Methods: Time and concentration-dependent MB accumulation by HCEC was determined colorimetrically and MB inhibition of virus production of 5 E70 and 3 CA24v AHC epidemic isolates in HCEC was determined by micro-plaque assay. AHC virus cytopathy inhibition by MB was detected by reductions in virus-induced caspase-3 activity and polymeric DNA fragments.
Results: MB uptake by HCEC was rapid and concentration dependent. MB inhibition of E70 and CA24v production was concentration dependent. AHC virus yields were significantly lower (50 to > 10,000 fold) in HCEC pre-treated with 0.25– 1% MB than in placebo controls (p’s ≤ 0.01). MB pre-treatment significantly inhibited virus-induced caspase-3 activation and DNA fragmentation (p’s< 0.01). Virus-infected cells accumulate oxidized MB and MB application up to 6 h after infection inhibited virus production and virus-induced HCEC cytopathy.
Conclusion: The results suggest MB treatment prior to and shortly after infection can inhibit AHC virus production and caspase-mediated HCEC cytopathy. The results support the therapeutic potential of ophthalmic solutions containing MB against AHC virus infection during epidemics.

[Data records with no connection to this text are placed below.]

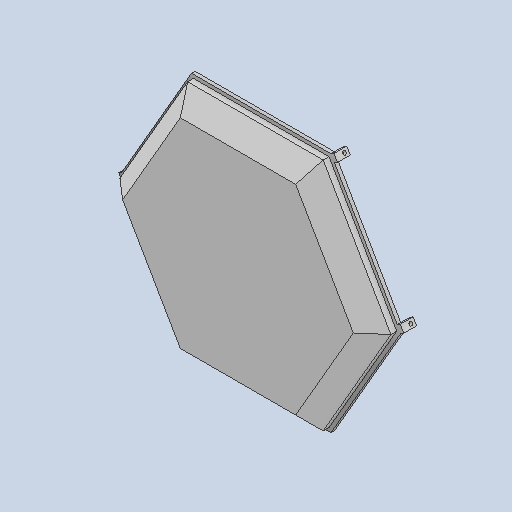
# Autodesk Inventor part: tapaHEX
Saved by Autodesk Inventor 2024 (Build 280153000, 153)
## iProperties
Created: 2024-03-21
Part Number: tapaHEX
Material: Genérico
Document SubType Name: Modeling
Designer: na_re
Density: 1 g/cm^3
Appearance: Valor por defecto
Author: na_re
Autodesk Inventor part; units mm, degrees
ref_plane "YZ Plane" through (0, 0, 0) normal (1, 0, 0) x (0, 1, 0)
ref_plane "XZ Plane" through (0, 0, 0) normal (0, 1, 0) x (-1, 0, 0)
ref_plane "XY Plane" through (0, 0, 0) normal (0, 0, 1) x (1, 0, 0)
ref_plane "Plano de trabajo1" through (0, 0, 0) normal (0, 0, 1) x (1, 0, 0)
sketch "Boceto1" plane through (0, 0, 0) normal (0, 0, 1) x (1, 0, 0)
  line L0 (58.8453, 101.923) -> (-58.8453, 101.923) projected
  line L1 (-58.8453, 101.923) -> (-117.6906, 0) projected
  line L2 (-117.6906, 0) -> (-58.8453, -101.923) projected
  line L3 (-58.8453, -101.923) -> (58.8453, -101.923) projected
  line L4 (58.8453, -101.923) -> (117.6906, 0) projected
  line L5 (117.6906, 0) -> (58.8453, 101.923) projected
  line L6 (-60, 103.923) -> (-120, 0) projected
  line L7 (-120, 0) -> (-60, -103.923) projected
  line L8 (-60, -103.923) -> (60, -103.923) projected
  line L9 (60, -103.923) -> (120, 0) projected
  line L10 (120, 0) -> (60, 103.923) projected
  line L11 (60, 103.923) -> (-60, 103.923) projected
  line L12 (58.8453, 101.923) -> (117.6906, 0) projected
  line L13 (117.6906, 0) -> (58.8453, -101.923) projected
  line L14 (58.8453, -101.923) -> (-58.8453, -101.923) projected
  line L15 (-58.8453, -101.923) -> (-117.6906, 0) projected
  line L16 (-117.6906, 0) -> (-58.8453, 101.923) projected
  line L17 (-58.8453, 101.923) -> (58.8453, 101.923) projected
  point P0 (0, 0)
extrude "Extrusión1" add sketch "Boceto1" along normal blind 3 contours L5 L4 L3 L2 L1 L0 | L11 L10 L9 L8 L7 L6
sketch "Boceto2" plane through (0, 0, 3) normal (0, 0, 1) x (1, 0, 0)
  line L0 (-120, 0) -> (-60, -103.923) projected
  line L1 (-60, -103.923) -> (60, -103.923) projected
  line L2 (60, -103.923) -> (120, 0) projected
  line L3 (120, 0) -> (60, 103.923) projected
  line L4 (60, 103.923) -> (-60, 103.923) projected
  line L5 (-60, 103.923) -> (-120, 0) projected
  line L6 (58.2679, 100.923) -> (116.5359, 0)
  line L7 (116.5359, 0) -> (58.2679, -100.923)
  line L8 (58.2679, -100.923) -> (-58.2679, -100.923)
  line L9 (-58.2679, -100.923) -> (-116.5359, 0)
  line L10 (-116.5359, 0) -> (-58.2679, 100.923)
  line L11 (-58.2679, 100.923) -> (58.2679, 100.923)
  point P0 (0, 0)
  dimension "d2" = 3
  constraints: 12 end point, 5 other
  measures "d2" distance between parallel lines of L3 L6
extrude "Extrusión2" add sketch "Boceto2" along normal blind 20 contours L6 L7 L8 L9 L10 L11
chamfer "Chaflán1" distance 15 angle 45 6 edges at (-87.4019, 50.4615, 23) (-87.4019, -50.4615, 23) (0, -100.923, 23) (87.4019, -50.4615, 23) (87.4019, 50.4615, 23) (0, 100.923, 23)
sketch "Boceto3" plane through (0, 0, 0) normal (0, 0, -1) x (-1, 0, 0)
  line L0 (117.6906, 0) -> (58.8453, -101.923) projected
  line L1 (58.8453, -101.923) -> (-58.8453, -101.923) projected
  line L2 (58.8453, 101.923) -> (117.6906, 0) projected
  line L3 (-117.6906, 0) -> (-58.8453, 101.923) projected
  line L4 (-58.8453, -101.923) -> (-117.6906, 0) projected
  point P0 (0, 0)
shell "Vaciado1" thickness 3 removed faces 1 at (-20, 34.641, 0)
sketch "Boceto4" plane through (-60, -103.923, 0) normal (-0.866, -0.5, 0) x (0, 0, 1)
  line L0 (0, 120) -> (0, 0) projected
  line L1 (0, 0) -> (3, 0) projected
  line L2 (3, 120) -> (3, 0) projected
  line L3 (0, 120) -> (3, 120) projected
  line L4 (0, 120) -> (3, 120) projected
  line L5 (0, 0) -> (0, 120) projected
  line L6 (3, 120) -> (0, 120)
  line L7 (0, 120) -> (0, 114)
  line L8 (0, 114) -> (3, 114)
  line L9 (3, 114) -> (3, 120)
  line L10 (0, 0) -> (3, 0)
  line L11 (3, 0) -> (3, 6)
  line L12 (3, 6) -> (0, 6)
  line L13 (0, 6) -> (0, 0)
  point P0 (0, 60)
  point P1 (0, 114)
  point P2 (3, 114)
  point P3 (0, 6)
  dimension "d9" = 6
  dimension "d10" = 6
  constraints: 16 end point, 4 parallel, 2 horizontal, 2 perpendicular, 2 point on line
  measures "d9" distance of L7.end L6.end
  measures "d10" distance of L11.end L10.end
extrude "Extrusión3" add sketch "Boceto4" along normal blind 3 contours L3 L2 L8 L0 | L12 L2 L1 L0
sketch "Boceto5" plane through (0, 0, 0) normal (0, 0, -1) x (-1, 0, 0)
  line L0 (-56.5359, 97.923) -> (56.5359, 97.923) projected
  line L1 (56.5359, 97.923) -> (113.0718, 0) projected
  line L2 (113.0718, 0) -> (56.5359, -97.923) projected
  line L3 (56.5359, -97.923) -> (-56.5359, -97.923) projected
  line L4 (-56.5359, -97.923) -> (-113.0718, 0) projected
  line L5 (-113.0718, 0) -> (-56.5359, 97.923) projected
  line L6 (60, 103.923) -> (120, 0) projected
  line L7 (-60, 103.923) -> (60, 103.923) projected
  line L8 (-120, 0) -> (-60, 103.923) projected
  line L9 (-60, -103.923) -> (-120, 0) projected
  line L10 (60, -103.923) -> (-60, -103.923) projected
  line L11 (60, -103.923) -> (62.5981, -105.423) projected
  line L12 (65.5981, -100.2269) -> (62.5981, -105.423) projected
  line L13 (63, -98.7269) -> (65.5981, -100.2269) projected
  line L14 (117, -5.1962) -> (63, -98.7269) projected
  line L15 (117, -5.1962) -> (119.5981, -6.6962) projected
  line L16 (122.5981, -1.5) -> (119.5981, -6.6962) projected
  line L17 (120, 0) -> (122.5981, -1.5) projected
  line L18 (120, 0) -> (117, -5.1962)
  line L19 (63, -98.7269) -> (60, -103.923)
  point P0 (0, 0)
  constraints: 4 end point, 1 perpendicular
extrude "Extrusión4" add sketch "Boceto5" along normal blind 8 contours L17 L16 L15 L18 | L13 L12 L11 L19
sketch "Boceto6" plane through (-62.5981, -105.423, 0) normal (-0.866, -0.5, 0) x (0, 0, 1)
  line L0 (3, 114) -> (-8, 114) projected
  line L1 (-8, 114) -> (-8, 117)
  line L2 (-8, 114) -> (-8, 120) projected
  line L3 (-8, 117) -> (-4.5, 117)
  circle A0 centre (-4.5, 117) radius 1.5
  line L4 (-8, 6) -> (-8, 0) projected
  line L5 (-8, 6) -> (-8, 3)
  line L6 (-8, 3) -> (-4.5, 3)
  circle A1 centre (-4.5, 3) radius 1.5
  point P0 (0, 60)
  dimension "d15" = 3.5
  dimension "d16" = 3
  dimension "d17" = 3.5
  dimension "d18" = 3
  constraints: 8 end point, 2 centre point, 2 coincident, 2 midpoint, 2 perpendicular
  measures "d15" distance of L1.end L3.end
  measures "d16" diameter of A0
  measures "d17" distance of L5.end L6.end
  measures "d18" diameter of A1
extrude "Extrusión5" cut sketch "Boceto6" against normal blind 8
sketch "Boceto7" plane through (60, 103.923, 3) normal (0.866, 0.5, 0) x (0, 0, -1)
  line L0 (3, -120) -> (3, 0) projected
  line L1 (3, 0) -> (0, 0) projected
  line L2 (0, -120) -> (0, 0) projected
  line L3 (3, -120) -> (0, -120) projected
  line L4 (3, -120) -> (0, -120)
  line L5 (0, -120) -> (0, -114)
  line L6 (0, -114) -> (3, -114)
  line L7 (3, -114) -> (3, -120)
  line L8 (3, 0) -> (0, 0)
  line L9 (0, 0) -> (0, -6)
  line L10 (0, -6) -> (3, -6)
  line L11 (3, -6) -> (3, 0)
  point P0 (3, -60)
  point P1 (3, -114)
  point P2 (3, -6)
  dimension "d21" = 6
  dimension "d22" = 6
  constraints: 16 end point, 4 parallel, 2 horizontal, 2 perpendicular, 2 point on line
  measures "d21" distance of L4.end L5.end
  measures "d22" distance of L9.end L8.end
extrude "Extrusión6" add sketch "Boceto7" along normal blind 3 contours L3 L2 L6 L0 | L10 L2 L1 L0
sketch "Boceto8" plane through (0, 0, 0) normal (0, 0, -1) x (-1, 0, 0)
  line L0 (-56.5359, 97.923) -> (56.5359, 97.923) projected
  line L1 (56.5359, 97.923) -> (113.0718, 0) projected
  line L2 (113.0718, 0) -> (56.5359, -97.923) projected
  line L3 (56.5359, -97.923) -> (-56.5359, -97.923) projected
  line L4 (-56.5359, -97.923) -> (-113.0718, 0) projected
  line L5 (-113.0718, 0) -> (-56.5359, 97.923) projected
  line L6 (60, -103.923) -> (63, -98.7269) projected
  line L7 (117, -5.1962) -> (63, -98.7269) projected
  line L8 (117, -5.1962) -> (120, 0) projected
  line L9 (60, 103.923) -> (120, 0) projected
  line L10 (-60, 103.923) -> (60, 103.923) projected
  line L11 (-60, 103.923) -> (-62.5981, 105.423) projected
  line L12 (-65.5981, 100.2269) -> (-62.5981, 105.423) projected
  line L13 (-63, 98.7269) -> (-65.5981, 100.2269) projected
  line L14 (-117, 5.1962) -> (-63, 98.7269) projected
  line L15 (-117, 5.1962) -> (-119.5981, 6.6962) projected
  line L16 (-122.5981, 1.5) -> (-119.5981, 6.6962) projected
  line L17 (-120, 0) -> (-122.5981, 1.5) projected
  line L18 (-60, -103.923) -> (-120, 0) projected
  line L19 (60, -103.923) -> (-60, -103.923) projected
  line L20 (-120, 0) -> (-60, 103.923)
  point P0 (0, 0)
  point P1 (-63, 98.7269)
  point P2 (-117, 5.1962)
  constraints: 2 end point
extrude "Extrusión7" add sketch "Boceto8" along normal blind 8 contours L17 L16 L15 L20 | L13 L12 L11 L20
sketch "Boceto9" plane through (62.5981, 105.423, 3) normal (0.866, 0.5, 0) x (0, 0, -1)
  circle A0 centre (7.5, -117) radius 1.5 projected
  circle A1 centre (7.5, -3) radius 1.5 projected
  point P0 (3, -60)
extrude "Extrusión8" cut sketch "Boceto9" against normal blind 8

Keywords: Coxsackievirus A24, eye, infection, enterovirus 70, epidemic, caspase, apoptosis
Introduction
Acute hemorrhagic conjunctivitis (AHC) is a highly contagious picornaviral eye infection characterized by a short incubation period (6–12 h) followed by an acute onset of symptoms (over 3–5h).1 Bilateral AHC is common and characterized by foreign body sensation, profuse tearing, itching, lid edema, and erythema, but may also include chemosis (subconjunctival fluid accumulation), photophobia, and subconjunctival hemorrhage.2 Infection of the corneal epithelium occurs in up to 60% of epidemic AHC cases.3–5 The acute ocular symptoms are caused by enterovirus 70 (E70) and Coxsackievirus A24 variant (CA24v)-induced caspase-mediated cell death of conjunctival and corneal epithelial cells.1,2,6 AHC usually resolves in 10–14 days as serum antibody titers rise.2,7
Outbreaks due to sporadic cases or spread by infected travelers can quickly become explosive reaching epidemic proportions over a few weeks. Acute hemorrhagic conjunctivitis (AHC) is transmitted primarily through hand-to-eye-to-hand contact. Overcrowded housing, poor sanitation, high humidity, and school/factory exposure facilitate spread during outbreaks with high transmission rates in families.2 Epidemics and pandemics have occurred worldwide since the first epidemics reported in 1969–1971 in Accra, Indonesia, Singapore, and Hong Kong.8–10 Within the past 5 years, epidemics have occurred in China, Central and South America.11–14
Vaccine or therapeutic clinical trials have not been reported. Precautionary actions are employed currently to inhibit transmission, mass hysteria, and economic loss during epidemics. Home remedies and topical corticosteroids are discouraged as they can predispose an already compromised cornea to secondary infections and toxicity.15,16
Based upon the inhibition of poliovirus by methylene blue (MB),17 the effect of MB on E70 and CA24v infection of human corneal epithelial cells (HCEC) was investigated in vitro. MB was rapidly taken up by HCEC and intracellular MB inhibited E70 and CA24v virus production. Moreover, MB inhibited HCEC cytopathy mediated by AHC virus activation of caspase-3 and endonuclease (DNA fragmentation). The results suggest that low MB concentrations exhibit antiviral activity and advocate short-term judicious use of ophthalmic solutions containing MB to inhibit AHC during epidemics.
Materials and Methods
Cell Culture and Reagents
Transformed human corneal epithelial cells (HCEC) were a gift from Dr. Zan Pan (Department of Ophthalmology, Dyson Vision Research Institute, Weill Cornell Medical College, New York, NY).18 [As the HCEC line used was not purchased from an accredited commercial source, the use of the human cells was sought and approved by our institutional ethics committee.] The HCEC were maintained in Dulbecco’s minimum essential medium (DMEM) (Corning Mediatech, Inc., Manassas, VA) supplemented with 10% newborn bovine calf serum (GE Healthcare Life Sciences, Hyclone Laboratories, Logan, UT). Experiments were performed in confluent HCEC in Costar® 6-well culture plates or 96-well cell culture cluster plates (Corning Incorporated, Corning, NY) utilizing DMEM supplemented with 2% newborn calf serum and antibiotics (Penicillin-Streptomycin-Neomycin Solution, Sigma-Aldrich, St. Louis, MO).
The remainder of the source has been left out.